■ Data excerpts:
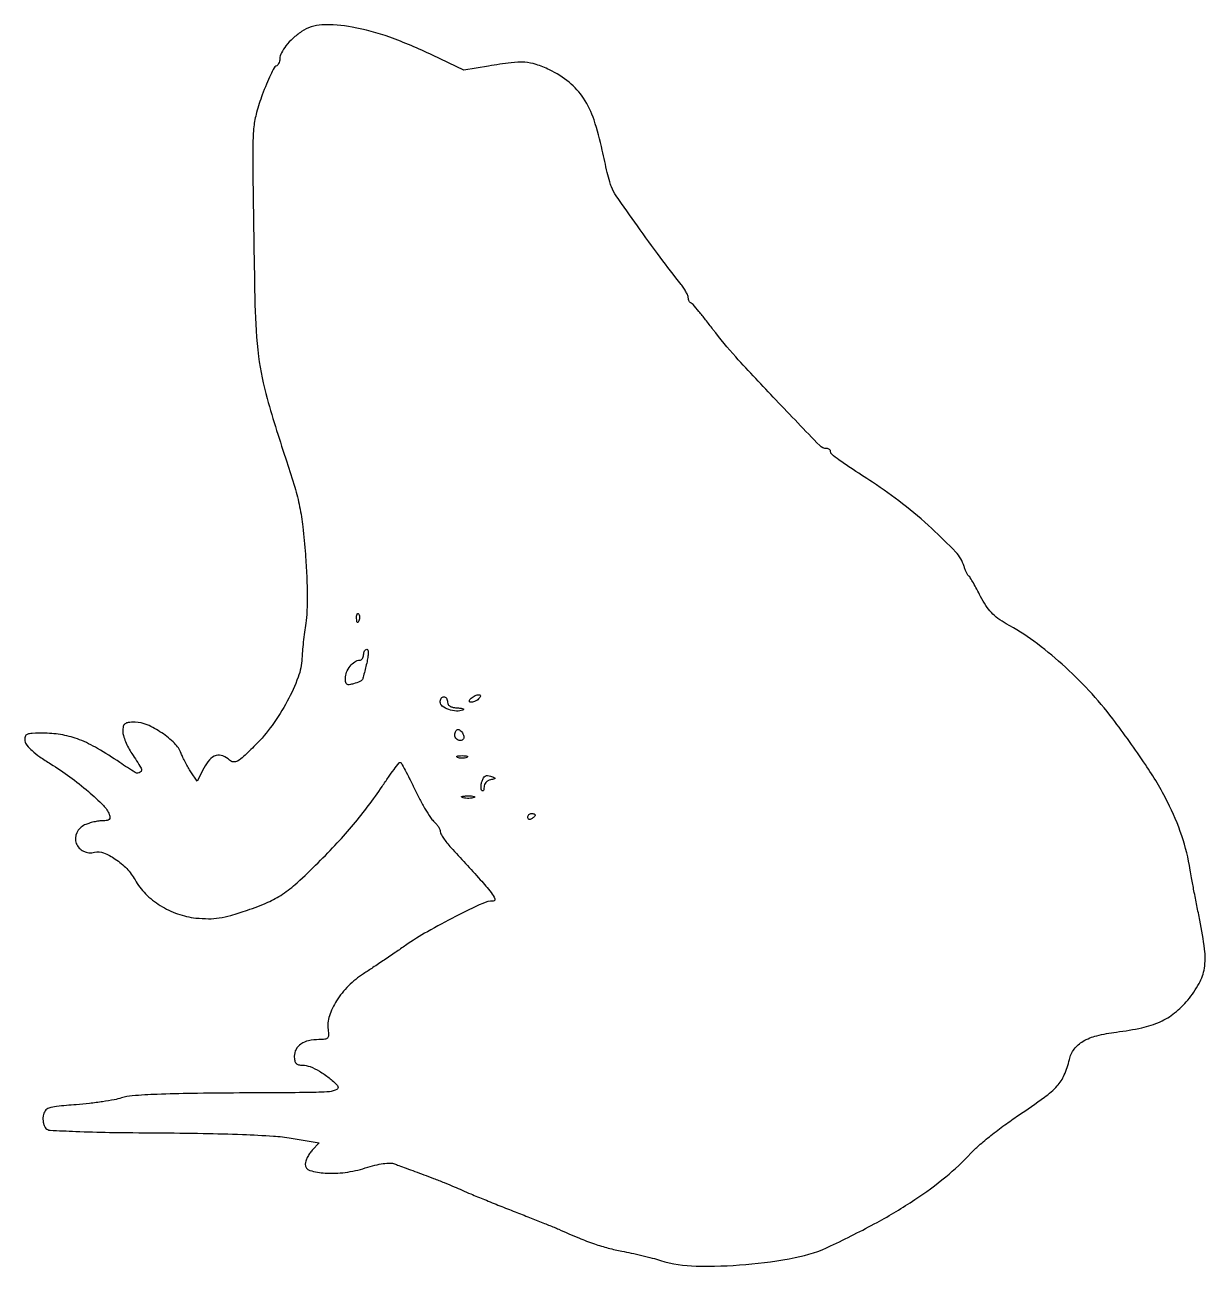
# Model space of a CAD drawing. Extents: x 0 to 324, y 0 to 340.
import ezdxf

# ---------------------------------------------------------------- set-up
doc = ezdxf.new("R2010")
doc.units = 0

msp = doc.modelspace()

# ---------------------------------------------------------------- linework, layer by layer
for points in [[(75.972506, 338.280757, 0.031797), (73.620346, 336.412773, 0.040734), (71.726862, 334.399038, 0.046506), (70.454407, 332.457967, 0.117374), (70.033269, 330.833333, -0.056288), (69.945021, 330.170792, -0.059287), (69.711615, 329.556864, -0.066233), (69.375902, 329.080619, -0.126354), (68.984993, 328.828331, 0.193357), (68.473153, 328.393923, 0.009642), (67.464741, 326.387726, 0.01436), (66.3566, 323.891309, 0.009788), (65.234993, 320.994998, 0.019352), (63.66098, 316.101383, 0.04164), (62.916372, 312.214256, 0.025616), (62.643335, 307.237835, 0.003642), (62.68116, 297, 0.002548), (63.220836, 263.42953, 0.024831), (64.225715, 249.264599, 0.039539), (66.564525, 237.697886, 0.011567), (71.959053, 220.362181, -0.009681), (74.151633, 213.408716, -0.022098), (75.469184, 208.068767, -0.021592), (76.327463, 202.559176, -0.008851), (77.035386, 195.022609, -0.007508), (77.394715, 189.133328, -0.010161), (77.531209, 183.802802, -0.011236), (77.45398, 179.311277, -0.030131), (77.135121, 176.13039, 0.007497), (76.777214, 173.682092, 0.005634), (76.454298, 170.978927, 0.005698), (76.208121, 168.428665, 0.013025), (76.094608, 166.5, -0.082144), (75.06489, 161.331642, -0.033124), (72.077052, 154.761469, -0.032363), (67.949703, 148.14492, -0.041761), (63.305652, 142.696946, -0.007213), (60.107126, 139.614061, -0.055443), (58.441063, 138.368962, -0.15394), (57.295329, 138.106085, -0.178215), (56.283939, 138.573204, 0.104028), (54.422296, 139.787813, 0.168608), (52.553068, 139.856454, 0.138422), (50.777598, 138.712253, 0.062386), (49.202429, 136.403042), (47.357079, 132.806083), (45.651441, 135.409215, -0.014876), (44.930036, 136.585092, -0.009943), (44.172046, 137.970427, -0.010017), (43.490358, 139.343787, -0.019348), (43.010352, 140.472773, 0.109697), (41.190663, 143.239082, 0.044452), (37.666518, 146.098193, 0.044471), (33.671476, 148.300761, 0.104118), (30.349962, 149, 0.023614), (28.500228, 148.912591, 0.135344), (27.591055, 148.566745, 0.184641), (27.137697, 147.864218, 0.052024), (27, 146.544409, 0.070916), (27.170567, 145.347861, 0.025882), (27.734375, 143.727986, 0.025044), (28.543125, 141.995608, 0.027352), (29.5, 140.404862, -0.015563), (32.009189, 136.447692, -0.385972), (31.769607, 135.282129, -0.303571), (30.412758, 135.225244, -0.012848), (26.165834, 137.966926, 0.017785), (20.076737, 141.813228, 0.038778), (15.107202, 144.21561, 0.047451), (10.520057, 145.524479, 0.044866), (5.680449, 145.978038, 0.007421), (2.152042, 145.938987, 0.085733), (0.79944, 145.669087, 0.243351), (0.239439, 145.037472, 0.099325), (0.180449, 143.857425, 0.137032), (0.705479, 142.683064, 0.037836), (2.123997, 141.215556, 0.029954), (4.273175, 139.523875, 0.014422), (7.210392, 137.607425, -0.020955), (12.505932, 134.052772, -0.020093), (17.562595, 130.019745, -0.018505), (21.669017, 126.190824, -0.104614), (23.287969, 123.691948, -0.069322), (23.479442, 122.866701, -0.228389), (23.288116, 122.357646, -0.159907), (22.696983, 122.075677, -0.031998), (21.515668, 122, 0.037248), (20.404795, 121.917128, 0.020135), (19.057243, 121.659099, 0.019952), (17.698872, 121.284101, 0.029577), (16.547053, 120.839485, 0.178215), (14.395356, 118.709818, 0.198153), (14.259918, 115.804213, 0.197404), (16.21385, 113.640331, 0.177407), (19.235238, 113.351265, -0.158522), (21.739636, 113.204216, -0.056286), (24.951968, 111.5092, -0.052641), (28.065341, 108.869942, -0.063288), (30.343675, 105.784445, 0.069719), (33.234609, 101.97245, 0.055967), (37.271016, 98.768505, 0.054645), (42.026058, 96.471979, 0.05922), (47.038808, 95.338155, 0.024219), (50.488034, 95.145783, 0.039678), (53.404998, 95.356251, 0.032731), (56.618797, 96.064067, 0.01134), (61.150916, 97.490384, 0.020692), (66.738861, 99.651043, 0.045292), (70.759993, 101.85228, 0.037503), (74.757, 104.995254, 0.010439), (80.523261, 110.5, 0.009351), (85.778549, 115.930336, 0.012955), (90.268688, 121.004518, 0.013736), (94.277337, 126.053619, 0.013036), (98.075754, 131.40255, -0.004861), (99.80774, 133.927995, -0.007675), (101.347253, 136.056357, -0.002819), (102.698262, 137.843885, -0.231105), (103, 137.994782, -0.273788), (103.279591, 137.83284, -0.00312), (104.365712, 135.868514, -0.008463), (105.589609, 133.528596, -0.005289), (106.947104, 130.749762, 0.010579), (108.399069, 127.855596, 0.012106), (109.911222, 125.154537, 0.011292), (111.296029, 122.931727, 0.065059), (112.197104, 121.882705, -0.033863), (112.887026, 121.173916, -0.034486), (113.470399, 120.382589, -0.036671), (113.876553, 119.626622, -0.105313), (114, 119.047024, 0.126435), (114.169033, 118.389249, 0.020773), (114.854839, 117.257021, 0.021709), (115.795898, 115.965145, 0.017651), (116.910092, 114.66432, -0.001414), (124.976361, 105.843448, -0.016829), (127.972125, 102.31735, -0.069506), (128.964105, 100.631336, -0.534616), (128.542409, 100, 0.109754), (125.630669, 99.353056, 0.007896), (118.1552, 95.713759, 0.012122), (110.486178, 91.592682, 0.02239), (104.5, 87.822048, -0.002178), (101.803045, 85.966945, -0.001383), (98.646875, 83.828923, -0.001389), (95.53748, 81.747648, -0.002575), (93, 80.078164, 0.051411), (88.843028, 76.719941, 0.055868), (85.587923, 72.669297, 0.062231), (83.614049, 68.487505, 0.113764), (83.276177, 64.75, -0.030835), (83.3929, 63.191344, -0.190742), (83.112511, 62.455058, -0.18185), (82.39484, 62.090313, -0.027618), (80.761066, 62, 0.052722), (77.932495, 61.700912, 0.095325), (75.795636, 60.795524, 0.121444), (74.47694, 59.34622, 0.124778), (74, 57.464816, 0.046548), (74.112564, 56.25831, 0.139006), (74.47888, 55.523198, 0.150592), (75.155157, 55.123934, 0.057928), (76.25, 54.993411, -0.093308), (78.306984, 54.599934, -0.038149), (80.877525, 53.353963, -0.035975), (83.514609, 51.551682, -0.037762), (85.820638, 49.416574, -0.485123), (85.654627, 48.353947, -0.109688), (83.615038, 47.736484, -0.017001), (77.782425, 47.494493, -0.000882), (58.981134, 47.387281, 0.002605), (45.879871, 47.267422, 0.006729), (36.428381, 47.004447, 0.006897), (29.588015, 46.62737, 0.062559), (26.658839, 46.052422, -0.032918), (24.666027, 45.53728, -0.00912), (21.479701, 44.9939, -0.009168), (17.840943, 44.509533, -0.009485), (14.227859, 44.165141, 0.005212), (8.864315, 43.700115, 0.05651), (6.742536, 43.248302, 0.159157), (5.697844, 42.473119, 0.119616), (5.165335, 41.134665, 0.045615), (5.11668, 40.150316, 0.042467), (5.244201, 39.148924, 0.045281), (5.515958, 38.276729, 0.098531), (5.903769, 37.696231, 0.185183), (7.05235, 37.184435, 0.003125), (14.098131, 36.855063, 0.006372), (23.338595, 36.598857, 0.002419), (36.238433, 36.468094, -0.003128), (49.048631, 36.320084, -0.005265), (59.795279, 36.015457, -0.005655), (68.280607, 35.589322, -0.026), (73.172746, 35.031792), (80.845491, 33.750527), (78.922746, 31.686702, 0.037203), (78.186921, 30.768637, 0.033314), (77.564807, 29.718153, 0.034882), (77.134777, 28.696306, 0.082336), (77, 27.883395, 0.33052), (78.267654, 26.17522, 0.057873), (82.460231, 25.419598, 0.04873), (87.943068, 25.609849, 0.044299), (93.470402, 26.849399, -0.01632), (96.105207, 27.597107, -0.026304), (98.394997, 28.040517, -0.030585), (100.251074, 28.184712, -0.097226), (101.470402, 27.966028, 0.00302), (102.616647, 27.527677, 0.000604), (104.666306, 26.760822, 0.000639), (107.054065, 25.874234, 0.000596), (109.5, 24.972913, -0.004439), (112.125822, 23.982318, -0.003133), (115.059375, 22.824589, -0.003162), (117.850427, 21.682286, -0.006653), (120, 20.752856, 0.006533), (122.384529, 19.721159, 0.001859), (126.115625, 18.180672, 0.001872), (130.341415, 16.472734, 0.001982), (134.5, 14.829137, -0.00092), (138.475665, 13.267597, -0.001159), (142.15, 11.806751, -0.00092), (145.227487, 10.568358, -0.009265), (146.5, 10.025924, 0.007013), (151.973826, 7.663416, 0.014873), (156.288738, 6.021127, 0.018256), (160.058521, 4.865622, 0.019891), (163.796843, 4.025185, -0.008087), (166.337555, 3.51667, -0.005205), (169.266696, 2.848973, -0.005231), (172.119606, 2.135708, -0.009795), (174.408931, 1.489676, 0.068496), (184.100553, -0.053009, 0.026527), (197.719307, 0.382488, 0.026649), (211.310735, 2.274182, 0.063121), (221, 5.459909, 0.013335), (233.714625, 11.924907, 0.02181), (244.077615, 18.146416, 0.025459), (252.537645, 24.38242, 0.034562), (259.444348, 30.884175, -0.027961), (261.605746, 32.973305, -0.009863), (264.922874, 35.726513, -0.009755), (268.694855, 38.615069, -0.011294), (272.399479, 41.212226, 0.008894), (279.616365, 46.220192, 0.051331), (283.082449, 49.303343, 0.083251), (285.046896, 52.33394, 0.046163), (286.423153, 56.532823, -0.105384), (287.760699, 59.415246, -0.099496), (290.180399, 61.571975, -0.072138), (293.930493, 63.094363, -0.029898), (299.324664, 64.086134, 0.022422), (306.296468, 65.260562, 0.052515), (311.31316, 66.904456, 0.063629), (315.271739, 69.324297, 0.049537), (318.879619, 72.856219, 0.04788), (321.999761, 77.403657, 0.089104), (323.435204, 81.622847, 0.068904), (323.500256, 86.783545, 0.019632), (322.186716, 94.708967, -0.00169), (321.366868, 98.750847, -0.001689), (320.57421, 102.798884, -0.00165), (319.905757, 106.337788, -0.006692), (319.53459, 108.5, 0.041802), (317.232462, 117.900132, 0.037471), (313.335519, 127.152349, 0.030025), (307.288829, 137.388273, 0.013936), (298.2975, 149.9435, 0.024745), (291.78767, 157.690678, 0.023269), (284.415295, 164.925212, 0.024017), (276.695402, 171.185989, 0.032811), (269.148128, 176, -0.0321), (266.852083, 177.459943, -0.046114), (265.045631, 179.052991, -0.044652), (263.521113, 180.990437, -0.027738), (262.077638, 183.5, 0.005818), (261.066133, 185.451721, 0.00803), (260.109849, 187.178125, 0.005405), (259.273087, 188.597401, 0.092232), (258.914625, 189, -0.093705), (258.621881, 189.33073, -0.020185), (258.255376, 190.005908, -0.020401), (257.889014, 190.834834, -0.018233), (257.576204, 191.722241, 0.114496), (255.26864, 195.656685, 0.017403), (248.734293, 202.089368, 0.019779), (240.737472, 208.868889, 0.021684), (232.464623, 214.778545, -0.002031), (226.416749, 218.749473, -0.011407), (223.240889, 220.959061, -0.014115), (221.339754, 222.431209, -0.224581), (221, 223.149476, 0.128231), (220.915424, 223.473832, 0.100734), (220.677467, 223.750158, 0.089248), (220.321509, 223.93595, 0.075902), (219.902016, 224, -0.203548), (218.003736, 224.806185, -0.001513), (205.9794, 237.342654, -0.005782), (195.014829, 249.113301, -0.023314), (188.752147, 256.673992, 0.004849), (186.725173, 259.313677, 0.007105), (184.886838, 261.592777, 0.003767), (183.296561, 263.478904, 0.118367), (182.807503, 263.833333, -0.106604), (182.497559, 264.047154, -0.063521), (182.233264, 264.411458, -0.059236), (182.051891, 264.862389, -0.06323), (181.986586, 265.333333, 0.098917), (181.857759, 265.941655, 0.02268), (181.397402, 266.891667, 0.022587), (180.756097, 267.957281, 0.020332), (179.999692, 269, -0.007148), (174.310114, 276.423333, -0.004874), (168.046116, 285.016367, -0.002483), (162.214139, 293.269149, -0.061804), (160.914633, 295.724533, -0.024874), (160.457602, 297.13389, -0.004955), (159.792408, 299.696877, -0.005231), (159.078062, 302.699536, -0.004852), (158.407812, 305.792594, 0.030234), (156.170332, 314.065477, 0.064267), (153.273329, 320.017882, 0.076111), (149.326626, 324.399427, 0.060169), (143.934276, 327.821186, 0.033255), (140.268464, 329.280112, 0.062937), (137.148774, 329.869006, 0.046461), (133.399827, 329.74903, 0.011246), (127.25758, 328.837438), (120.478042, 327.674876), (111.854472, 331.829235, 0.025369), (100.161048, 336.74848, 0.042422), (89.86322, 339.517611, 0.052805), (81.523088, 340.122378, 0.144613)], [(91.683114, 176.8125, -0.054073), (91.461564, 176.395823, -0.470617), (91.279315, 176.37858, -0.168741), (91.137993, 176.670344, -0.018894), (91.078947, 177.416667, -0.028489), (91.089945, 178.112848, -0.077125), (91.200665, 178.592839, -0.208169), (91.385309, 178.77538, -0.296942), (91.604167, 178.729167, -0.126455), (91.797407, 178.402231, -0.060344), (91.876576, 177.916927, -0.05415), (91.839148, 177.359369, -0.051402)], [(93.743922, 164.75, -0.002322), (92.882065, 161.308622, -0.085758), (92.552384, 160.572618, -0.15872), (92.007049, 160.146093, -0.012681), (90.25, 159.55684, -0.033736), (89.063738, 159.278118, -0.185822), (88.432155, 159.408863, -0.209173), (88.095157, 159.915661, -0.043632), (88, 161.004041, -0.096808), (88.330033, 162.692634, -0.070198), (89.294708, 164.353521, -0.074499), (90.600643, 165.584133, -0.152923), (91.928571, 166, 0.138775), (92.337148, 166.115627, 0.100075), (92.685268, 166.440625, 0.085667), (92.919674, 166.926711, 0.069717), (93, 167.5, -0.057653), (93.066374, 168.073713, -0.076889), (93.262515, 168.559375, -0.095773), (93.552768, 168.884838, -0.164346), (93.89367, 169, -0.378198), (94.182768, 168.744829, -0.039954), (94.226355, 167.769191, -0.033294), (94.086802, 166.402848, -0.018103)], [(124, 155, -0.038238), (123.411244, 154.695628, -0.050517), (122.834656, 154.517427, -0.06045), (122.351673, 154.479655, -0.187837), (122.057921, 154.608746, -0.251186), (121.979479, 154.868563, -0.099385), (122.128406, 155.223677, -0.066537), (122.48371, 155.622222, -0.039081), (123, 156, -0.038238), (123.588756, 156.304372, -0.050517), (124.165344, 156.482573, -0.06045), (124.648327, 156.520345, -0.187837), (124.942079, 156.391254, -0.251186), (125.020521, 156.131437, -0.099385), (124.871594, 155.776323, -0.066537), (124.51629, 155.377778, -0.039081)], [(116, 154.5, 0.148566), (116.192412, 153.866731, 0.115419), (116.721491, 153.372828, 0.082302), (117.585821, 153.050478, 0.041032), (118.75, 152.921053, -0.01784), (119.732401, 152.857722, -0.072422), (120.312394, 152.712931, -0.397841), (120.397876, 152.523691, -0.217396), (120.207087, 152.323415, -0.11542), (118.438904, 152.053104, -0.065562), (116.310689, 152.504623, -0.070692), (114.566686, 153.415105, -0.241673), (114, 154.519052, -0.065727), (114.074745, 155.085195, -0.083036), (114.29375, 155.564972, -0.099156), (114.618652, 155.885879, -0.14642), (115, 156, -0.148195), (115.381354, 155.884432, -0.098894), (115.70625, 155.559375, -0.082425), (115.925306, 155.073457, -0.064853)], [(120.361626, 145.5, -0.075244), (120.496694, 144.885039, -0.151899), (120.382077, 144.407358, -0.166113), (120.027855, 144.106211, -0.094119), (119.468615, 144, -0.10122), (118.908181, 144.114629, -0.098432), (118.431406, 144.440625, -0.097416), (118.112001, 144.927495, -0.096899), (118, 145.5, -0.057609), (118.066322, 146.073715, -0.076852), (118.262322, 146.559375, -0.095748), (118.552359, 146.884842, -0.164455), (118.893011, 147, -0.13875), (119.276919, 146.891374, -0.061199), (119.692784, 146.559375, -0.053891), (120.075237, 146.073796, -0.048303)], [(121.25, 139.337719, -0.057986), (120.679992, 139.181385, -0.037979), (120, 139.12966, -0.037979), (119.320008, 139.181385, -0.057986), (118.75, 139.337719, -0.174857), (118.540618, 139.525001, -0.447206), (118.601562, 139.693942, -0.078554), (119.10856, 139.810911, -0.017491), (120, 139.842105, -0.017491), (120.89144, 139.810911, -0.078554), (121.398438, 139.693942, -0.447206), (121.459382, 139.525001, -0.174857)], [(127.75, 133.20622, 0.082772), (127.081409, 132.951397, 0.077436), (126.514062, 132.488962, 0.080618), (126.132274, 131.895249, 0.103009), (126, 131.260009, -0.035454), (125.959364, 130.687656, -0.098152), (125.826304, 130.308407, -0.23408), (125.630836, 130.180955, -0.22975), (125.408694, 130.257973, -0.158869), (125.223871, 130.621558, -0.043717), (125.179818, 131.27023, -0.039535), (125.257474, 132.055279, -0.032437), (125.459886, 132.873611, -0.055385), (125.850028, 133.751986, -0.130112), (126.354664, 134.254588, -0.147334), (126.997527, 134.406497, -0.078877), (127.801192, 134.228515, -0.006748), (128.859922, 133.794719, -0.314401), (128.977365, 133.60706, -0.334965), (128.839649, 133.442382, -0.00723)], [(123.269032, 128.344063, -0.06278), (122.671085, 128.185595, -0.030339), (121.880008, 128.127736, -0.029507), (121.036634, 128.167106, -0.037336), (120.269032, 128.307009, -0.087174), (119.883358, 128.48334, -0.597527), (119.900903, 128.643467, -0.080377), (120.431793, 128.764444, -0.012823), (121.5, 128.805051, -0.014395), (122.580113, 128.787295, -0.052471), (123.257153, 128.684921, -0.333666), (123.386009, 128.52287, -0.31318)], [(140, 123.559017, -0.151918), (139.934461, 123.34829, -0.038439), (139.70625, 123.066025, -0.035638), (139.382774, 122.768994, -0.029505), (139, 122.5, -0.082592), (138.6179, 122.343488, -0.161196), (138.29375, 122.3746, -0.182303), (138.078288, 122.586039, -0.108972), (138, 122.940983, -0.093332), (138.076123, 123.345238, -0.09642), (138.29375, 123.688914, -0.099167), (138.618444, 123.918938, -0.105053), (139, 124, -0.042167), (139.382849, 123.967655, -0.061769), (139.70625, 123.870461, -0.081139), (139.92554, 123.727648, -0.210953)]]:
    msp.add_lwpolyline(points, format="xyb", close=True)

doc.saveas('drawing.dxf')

■ Exercise directions: Copy each line from the records above that includes the string "drawing".

■ Result of the exercise:
# Model space of a CAD drawing. Extents: x 0 to 324, y 0 to 340.
doc.saveas('drawing.dxf')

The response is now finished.